Give the lines below again exactly, starting with the line that holds "mh1, mh2: MH; MountingHole-3mm" and going on through the line that holds "(V+), U10.13 (VDD)".

**SOURCE DATA:**
- - - - - - -

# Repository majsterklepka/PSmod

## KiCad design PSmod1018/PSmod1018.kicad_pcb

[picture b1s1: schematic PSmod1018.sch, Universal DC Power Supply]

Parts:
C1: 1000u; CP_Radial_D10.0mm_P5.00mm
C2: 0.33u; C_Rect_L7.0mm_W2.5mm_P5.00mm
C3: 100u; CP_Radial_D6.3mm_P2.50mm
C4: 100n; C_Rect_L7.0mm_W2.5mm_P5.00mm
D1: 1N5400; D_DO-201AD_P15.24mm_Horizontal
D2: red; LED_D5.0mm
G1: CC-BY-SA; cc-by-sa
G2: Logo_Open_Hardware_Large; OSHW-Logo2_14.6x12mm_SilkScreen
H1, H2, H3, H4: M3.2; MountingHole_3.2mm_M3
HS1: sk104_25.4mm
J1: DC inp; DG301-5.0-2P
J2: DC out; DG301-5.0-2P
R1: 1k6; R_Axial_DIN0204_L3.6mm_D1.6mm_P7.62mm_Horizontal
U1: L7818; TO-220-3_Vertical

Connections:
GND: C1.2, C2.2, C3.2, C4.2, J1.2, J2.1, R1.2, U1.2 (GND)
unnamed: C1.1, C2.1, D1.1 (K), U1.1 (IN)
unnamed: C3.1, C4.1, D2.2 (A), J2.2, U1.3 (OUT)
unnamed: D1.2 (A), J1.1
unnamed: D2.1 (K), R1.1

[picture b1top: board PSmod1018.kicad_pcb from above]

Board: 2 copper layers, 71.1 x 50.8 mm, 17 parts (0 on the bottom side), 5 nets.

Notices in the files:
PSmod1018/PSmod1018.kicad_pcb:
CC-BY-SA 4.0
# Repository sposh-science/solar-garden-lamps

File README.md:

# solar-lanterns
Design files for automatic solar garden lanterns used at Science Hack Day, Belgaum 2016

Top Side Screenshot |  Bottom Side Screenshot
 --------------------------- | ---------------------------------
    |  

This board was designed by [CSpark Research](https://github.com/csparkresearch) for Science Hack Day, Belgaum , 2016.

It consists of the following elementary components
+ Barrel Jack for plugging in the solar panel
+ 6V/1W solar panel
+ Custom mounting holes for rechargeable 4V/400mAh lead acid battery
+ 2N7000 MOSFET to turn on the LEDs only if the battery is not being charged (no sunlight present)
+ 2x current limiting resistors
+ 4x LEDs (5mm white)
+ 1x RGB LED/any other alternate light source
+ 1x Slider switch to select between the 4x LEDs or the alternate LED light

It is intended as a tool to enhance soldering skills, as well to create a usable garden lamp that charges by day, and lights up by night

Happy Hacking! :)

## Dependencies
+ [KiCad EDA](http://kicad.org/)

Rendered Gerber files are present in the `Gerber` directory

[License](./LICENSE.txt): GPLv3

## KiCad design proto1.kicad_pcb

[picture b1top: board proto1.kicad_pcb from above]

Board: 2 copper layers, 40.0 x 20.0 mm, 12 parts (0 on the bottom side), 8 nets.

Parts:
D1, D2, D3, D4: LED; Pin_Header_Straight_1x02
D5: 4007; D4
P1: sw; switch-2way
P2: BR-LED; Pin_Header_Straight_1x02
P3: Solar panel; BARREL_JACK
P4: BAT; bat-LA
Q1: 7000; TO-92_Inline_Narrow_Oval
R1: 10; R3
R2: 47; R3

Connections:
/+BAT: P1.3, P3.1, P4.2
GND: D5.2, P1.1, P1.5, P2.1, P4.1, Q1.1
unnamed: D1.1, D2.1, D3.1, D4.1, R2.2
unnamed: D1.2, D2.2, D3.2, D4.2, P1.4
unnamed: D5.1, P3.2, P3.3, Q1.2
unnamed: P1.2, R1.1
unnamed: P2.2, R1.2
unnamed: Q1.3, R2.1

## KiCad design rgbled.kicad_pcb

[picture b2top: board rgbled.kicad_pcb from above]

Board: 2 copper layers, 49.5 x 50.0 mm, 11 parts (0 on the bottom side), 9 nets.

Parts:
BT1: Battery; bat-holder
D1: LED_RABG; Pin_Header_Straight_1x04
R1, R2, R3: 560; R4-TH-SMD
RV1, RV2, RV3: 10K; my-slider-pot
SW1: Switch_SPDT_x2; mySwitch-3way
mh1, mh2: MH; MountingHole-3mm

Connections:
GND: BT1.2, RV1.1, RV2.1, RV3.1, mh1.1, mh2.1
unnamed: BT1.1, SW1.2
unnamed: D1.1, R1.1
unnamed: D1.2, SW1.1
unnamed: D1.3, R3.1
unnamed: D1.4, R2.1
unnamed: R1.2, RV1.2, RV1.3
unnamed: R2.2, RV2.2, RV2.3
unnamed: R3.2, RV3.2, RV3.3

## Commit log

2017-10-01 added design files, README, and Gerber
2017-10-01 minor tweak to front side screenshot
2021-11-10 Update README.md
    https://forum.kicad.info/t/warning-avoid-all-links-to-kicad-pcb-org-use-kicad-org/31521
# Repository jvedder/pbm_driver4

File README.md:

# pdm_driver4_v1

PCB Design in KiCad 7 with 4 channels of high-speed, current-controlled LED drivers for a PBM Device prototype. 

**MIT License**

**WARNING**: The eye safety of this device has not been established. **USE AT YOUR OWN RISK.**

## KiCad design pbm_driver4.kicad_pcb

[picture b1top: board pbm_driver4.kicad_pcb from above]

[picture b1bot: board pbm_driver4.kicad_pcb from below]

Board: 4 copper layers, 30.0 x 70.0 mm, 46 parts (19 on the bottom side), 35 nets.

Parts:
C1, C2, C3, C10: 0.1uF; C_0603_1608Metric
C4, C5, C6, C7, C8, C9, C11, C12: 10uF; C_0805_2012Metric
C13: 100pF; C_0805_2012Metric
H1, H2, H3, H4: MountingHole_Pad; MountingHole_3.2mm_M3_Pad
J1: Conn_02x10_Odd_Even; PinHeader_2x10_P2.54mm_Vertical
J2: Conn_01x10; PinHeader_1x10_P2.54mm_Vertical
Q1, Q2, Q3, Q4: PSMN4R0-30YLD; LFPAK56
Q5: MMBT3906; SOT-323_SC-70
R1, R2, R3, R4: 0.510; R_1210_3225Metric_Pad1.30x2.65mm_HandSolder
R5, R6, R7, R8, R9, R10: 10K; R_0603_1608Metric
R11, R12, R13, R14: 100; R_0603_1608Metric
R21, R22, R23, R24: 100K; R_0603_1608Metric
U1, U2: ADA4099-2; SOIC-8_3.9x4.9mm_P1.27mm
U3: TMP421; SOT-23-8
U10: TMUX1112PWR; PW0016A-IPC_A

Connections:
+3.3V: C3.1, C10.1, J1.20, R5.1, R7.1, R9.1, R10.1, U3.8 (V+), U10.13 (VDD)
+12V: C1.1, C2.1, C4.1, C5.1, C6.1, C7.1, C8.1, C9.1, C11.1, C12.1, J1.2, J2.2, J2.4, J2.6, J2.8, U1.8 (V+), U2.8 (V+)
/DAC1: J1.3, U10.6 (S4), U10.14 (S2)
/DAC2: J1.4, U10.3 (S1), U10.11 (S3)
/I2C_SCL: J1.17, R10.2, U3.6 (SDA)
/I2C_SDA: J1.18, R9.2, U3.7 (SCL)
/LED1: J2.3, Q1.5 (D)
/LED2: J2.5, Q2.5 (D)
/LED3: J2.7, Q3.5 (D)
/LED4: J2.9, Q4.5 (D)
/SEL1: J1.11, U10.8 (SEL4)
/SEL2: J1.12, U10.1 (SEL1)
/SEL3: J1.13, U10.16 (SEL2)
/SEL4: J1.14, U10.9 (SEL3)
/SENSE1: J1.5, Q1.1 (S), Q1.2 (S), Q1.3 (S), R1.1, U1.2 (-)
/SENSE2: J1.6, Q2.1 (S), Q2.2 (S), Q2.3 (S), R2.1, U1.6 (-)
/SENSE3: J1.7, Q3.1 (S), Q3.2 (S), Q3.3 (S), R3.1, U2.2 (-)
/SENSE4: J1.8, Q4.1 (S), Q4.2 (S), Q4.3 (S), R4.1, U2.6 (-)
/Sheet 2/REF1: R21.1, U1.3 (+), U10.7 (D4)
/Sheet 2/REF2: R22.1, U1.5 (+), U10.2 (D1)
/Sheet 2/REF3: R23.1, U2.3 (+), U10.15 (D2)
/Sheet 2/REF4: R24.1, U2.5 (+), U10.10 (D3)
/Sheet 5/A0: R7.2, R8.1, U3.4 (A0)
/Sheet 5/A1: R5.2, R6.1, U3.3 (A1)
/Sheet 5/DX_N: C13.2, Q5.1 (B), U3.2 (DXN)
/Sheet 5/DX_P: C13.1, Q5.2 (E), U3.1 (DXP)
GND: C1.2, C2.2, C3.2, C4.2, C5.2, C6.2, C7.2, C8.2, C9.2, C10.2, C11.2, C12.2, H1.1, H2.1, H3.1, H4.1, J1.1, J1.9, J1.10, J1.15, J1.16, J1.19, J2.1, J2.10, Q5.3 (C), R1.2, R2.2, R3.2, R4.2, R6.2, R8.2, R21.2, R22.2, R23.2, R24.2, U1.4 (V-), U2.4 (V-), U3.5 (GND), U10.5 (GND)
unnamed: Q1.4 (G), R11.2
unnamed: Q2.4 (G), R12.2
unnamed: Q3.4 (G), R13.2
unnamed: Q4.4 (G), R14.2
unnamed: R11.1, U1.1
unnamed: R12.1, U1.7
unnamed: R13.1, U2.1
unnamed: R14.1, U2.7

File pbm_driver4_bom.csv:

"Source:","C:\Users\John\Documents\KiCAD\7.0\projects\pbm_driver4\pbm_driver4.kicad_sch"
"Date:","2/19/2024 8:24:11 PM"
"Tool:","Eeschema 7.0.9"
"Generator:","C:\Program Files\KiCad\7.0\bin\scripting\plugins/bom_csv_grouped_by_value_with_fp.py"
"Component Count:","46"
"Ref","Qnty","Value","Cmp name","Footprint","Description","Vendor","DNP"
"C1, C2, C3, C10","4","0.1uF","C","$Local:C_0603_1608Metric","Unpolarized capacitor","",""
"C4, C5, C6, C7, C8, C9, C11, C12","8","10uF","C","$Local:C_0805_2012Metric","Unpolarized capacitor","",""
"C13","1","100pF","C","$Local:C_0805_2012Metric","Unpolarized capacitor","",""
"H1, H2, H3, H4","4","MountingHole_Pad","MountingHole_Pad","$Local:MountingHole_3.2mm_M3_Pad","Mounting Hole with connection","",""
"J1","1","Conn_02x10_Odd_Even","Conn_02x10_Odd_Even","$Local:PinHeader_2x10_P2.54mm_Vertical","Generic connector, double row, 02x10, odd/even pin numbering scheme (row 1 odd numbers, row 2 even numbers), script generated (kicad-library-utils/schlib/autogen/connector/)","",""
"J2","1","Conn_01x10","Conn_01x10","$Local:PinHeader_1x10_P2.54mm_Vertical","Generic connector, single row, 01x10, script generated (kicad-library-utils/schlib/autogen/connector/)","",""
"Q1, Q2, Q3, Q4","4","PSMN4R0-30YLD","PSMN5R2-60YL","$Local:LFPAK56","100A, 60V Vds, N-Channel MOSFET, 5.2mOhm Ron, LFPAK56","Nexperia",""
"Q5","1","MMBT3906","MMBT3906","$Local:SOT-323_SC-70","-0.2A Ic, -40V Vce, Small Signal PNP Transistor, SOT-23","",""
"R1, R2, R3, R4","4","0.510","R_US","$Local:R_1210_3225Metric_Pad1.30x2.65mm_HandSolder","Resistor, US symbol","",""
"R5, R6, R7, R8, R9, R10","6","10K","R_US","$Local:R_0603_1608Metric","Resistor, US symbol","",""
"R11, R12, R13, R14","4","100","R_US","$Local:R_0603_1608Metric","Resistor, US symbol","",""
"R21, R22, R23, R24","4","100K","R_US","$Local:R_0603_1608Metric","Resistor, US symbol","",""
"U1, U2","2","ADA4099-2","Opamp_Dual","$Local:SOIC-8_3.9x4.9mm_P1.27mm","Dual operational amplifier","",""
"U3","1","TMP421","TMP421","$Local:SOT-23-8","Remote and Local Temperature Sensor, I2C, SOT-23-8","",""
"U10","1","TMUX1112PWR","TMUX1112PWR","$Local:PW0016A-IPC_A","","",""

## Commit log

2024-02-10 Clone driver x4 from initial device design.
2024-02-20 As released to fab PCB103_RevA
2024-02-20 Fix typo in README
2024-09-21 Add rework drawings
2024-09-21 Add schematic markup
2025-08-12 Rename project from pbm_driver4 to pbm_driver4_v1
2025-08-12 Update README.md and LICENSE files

- - - - - - -

**RESPONSE AREA:**
mh1, mh2: MH; MountingHole-3mm

Connections:
GND: BT1.2, RV1.1, RV2.1, RV3.1, mh1.1, mh2.1
unnamed: BT1.1, SW1.2
unnamed: D1.1, R1.1
unnamed: D1.2, SW1.1
unnamed: D1.3, R3.1
unnamed: D1.4, R2.1
unnamed: R1.2, RV1.2, RV1.3
unnamed: R2.2, RV2.2, RV2.3
unnamed: R3.2, RV3.2, RV3.3

## Commit log

2017-10-01 added design files, README, and Gerber
2017-10-01 minor tweak to front side screenshot
2021-11-10 Update README.md
    https://forum.kicad.info/t/warning-avoid-all-links-to-kicad-pcb-org-use-kicad-org/31521
# Repository jvedder/pbm_driver4

File README.md:

# pdm_driver4_v1

PCB Design in KiCad 7 with 4 channels of high-speed, current-controlled LED drivers for a PBM Device prototype. 

**MIT License**

**WARNING**: The eye safety of this device has not been established. **USE AT YOUR OWN RISK.**

## KiCad design pbm_driver4.kicad_pcb

[picture b1top: board pbm_driver4.kicad_pcb from above]

[picture b1bot: board pbm_driver4.kicad_pcb from below]

Board: 4 copper layers, 30.0 x 70.0 mm, 46 parts (19 on the bottom side), 35 nets.

Parts:
C1, C2, C3, C10: 0.1uF; C_0603_1608Metric
C4, C5, C6, C7, C8, C9, C11, C12: 10uF; C_0805_2012Metric
C13: 100pF; C_0805_2012Metric
H1, H2, H3, H4: MountingHole_Pad; MountingHole_3.2mm_M3_Pad
J1: Conn_02x10_Odd_Even; PinHeader_2x10_P2.54mm_Vertical
J2: Conn_01x10; PinHeader_1x10_P2.54mm_Vertical
Q1, Q2, Q3, Q4: PSMN4R0-30YLD; LFPAK56
Q5: MMBT3906; SOT-323_SC-70
R1, R2, R3, R4: 0.510; R_1210_3225Metric_Pad1.30x2.65mm_HandSolder
R5, R6, R7, R8, R9, R10: 10K; R_0603_1608Metric
R11, R12, R13, R14: 100; R_0603_1608Metric
R21, R22, R23, R24: 100K; R_0603_1608Metric
U1, U2: ADA4099-2; SOIC-8_3.9x4.9mm_P1.27mm
U3: TMP421; SOT-23-8
U10: TMUX1112PWR; PW0016A-IPC_A

Connections:
+3.3V: C3.1, C10.1, J1.20, R5.1, R7.1, R9.1, R10.1, U3.8 (V+), U10.13 (VDD)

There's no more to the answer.